(Collected data)

•••••

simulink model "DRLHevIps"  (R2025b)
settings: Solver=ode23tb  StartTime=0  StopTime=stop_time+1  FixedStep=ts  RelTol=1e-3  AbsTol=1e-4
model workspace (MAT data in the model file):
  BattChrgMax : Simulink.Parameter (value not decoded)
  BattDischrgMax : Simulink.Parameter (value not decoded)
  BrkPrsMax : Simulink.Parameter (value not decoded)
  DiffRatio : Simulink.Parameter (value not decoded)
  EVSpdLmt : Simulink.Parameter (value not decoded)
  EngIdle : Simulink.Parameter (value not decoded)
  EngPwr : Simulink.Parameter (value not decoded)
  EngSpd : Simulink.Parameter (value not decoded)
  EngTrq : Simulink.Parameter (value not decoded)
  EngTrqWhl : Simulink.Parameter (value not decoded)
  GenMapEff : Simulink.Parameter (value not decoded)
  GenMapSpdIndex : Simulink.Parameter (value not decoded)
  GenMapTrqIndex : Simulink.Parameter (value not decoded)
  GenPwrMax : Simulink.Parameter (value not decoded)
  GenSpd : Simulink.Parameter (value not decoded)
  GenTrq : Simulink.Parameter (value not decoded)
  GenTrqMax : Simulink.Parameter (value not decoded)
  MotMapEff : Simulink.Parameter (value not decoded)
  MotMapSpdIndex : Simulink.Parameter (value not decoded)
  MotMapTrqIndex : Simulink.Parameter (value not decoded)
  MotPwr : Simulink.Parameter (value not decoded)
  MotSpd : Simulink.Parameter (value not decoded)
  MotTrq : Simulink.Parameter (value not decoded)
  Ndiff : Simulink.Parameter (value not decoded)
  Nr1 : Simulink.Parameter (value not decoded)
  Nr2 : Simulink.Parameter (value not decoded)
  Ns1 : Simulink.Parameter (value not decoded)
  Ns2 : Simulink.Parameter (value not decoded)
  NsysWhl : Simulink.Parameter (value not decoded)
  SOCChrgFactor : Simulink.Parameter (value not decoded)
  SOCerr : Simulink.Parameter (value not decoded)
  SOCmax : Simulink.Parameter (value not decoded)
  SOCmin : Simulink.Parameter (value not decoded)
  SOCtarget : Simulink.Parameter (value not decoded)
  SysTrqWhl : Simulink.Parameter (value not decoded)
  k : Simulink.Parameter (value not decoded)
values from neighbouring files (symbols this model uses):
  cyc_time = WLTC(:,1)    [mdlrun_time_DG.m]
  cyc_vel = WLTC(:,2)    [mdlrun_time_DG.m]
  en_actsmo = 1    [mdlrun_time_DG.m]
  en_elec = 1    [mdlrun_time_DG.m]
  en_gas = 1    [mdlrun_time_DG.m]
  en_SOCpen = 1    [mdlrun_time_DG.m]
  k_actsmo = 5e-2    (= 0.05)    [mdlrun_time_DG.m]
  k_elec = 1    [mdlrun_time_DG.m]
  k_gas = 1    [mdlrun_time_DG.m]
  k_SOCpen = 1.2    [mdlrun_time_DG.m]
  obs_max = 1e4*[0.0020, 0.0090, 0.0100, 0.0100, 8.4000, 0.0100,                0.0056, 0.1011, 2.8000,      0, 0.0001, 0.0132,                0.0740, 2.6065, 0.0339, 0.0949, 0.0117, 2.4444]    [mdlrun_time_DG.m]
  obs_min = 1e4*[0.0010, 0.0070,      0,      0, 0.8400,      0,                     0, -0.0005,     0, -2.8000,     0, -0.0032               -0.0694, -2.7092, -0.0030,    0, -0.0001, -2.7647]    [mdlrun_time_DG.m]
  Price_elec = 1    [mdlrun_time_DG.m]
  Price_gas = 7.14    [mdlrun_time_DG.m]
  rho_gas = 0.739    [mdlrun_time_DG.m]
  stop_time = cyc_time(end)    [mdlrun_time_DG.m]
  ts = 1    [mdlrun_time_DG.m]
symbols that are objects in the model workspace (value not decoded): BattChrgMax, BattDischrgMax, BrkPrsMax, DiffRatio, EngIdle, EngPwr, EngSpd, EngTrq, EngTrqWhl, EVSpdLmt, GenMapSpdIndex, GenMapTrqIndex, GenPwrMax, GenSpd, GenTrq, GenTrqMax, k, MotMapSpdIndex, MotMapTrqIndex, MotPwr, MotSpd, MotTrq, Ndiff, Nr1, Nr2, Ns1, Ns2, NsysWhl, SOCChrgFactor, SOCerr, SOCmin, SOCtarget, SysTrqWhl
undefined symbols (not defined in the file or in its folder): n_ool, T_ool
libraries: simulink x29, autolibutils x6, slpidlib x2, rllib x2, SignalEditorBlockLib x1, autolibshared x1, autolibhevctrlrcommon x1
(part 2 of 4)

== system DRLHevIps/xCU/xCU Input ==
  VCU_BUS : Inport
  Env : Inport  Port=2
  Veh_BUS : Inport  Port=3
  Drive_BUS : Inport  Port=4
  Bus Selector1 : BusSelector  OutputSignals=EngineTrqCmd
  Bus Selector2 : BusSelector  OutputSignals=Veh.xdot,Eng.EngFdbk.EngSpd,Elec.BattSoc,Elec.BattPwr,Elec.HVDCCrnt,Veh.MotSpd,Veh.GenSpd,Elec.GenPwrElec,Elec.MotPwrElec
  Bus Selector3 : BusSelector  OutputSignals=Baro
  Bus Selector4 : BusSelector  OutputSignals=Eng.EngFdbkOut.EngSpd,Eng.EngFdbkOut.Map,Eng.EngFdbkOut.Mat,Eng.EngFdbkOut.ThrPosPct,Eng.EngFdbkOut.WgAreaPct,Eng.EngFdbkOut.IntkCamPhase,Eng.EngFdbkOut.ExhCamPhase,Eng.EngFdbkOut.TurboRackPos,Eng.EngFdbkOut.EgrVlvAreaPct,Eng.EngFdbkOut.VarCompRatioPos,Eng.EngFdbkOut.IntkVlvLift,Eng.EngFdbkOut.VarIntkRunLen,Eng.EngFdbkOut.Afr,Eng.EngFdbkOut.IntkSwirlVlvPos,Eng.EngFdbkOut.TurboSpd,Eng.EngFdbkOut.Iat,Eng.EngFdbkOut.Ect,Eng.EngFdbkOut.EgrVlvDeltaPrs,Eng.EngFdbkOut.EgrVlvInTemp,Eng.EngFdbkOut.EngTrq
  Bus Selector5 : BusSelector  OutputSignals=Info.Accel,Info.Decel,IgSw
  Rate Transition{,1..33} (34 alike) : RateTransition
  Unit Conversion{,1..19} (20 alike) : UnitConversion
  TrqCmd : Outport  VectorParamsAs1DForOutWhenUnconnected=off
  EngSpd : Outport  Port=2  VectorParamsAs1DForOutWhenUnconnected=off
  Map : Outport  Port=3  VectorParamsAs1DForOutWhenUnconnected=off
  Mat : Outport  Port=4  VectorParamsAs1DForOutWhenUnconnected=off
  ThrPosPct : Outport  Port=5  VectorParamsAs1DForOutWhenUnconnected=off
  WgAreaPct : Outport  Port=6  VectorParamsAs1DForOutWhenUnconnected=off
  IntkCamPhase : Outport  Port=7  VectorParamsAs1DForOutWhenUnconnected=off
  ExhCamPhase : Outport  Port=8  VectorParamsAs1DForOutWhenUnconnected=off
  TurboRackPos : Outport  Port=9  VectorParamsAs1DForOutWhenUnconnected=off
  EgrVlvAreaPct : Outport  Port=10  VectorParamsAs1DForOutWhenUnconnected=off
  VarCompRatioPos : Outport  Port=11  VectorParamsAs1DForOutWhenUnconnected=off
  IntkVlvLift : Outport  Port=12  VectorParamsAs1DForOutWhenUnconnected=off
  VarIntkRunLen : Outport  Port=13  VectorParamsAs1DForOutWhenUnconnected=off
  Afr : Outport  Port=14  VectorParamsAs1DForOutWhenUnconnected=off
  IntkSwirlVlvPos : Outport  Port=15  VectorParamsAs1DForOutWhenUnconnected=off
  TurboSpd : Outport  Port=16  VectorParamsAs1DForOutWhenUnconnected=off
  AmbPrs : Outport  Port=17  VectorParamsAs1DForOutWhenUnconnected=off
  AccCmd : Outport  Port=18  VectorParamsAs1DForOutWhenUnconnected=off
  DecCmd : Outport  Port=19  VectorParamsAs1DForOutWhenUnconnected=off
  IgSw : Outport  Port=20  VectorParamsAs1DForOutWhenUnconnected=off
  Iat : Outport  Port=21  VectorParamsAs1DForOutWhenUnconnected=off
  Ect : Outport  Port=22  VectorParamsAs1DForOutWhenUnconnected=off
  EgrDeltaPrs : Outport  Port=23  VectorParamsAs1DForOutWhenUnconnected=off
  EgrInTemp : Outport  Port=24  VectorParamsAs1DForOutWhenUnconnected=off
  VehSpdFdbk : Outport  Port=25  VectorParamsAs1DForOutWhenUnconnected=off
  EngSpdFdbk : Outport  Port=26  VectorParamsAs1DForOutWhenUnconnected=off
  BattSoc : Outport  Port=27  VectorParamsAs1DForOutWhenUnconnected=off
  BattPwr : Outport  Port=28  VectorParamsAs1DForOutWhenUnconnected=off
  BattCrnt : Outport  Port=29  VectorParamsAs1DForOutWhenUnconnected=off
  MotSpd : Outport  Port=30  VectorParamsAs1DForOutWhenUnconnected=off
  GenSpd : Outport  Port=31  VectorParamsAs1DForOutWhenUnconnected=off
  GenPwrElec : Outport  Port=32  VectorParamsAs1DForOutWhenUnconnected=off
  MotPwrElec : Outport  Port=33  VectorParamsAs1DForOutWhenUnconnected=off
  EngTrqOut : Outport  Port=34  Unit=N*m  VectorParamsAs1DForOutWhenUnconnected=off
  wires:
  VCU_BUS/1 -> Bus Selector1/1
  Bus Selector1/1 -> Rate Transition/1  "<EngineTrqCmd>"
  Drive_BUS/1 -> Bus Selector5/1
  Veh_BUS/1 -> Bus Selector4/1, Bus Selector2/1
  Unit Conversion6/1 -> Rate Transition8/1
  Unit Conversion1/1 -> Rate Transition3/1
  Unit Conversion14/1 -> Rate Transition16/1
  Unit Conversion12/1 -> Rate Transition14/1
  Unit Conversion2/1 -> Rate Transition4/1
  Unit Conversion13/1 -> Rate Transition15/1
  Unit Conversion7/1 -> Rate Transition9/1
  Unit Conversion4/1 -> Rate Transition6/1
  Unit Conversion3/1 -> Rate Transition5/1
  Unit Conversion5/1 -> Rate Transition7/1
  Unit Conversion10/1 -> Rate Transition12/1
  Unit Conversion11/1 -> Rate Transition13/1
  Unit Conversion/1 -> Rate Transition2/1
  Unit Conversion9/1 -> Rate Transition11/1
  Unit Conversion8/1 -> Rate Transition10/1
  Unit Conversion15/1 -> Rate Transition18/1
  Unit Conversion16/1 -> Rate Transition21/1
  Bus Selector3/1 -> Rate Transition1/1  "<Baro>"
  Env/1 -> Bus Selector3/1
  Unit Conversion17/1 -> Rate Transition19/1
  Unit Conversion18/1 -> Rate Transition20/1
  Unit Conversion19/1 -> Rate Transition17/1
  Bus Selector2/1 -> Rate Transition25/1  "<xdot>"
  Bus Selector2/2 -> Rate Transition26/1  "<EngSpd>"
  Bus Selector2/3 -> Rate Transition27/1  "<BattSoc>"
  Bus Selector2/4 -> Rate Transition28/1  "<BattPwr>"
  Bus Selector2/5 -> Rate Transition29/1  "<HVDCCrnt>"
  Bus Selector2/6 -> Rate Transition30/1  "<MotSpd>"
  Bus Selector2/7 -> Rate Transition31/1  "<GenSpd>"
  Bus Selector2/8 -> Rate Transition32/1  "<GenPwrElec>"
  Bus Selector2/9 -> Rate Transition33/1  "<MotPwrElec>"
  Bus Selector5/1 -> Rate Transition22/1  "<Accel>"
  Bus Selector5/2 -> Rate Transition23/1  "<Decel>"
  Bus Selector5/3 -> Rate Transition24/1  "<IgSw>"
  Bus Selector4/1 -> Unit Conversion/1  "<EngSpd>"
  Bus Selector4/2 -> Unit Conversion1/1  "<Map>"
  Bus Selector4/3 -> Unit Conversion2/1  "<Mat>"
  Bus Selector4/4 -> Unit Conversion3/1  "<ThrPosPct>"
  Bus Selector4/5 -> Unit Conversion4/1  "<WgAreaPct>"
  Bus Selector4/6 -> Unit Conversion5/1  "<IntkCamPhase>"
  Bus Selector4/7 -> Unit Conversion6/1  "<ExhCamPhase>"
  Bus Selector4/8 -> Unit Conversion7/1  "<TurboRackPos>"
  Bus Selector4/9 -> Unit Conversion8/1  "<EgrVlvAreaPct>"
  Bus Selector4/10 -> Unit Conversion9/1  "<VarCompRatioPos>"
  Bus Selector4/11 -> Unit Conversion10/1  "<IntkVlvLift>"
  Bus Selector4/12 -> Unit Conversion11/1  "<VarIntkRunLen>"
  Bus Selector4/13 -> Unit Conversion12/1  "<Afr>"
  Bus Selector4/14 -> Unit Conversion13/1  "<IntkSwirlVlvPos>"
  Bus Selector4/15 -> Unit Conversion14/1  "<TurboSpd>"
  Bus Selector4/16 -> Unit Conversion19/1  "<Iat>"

•••••

To do
From the records above, return each line where "EngineTrqCmd" occurs.

Written solution
  Bus Selector1 : BusSelector  OutputSignals=EngineTrqCmd
  Bus Selector1/1 -> Rate Transition/1  "<EngineTrqCmd>"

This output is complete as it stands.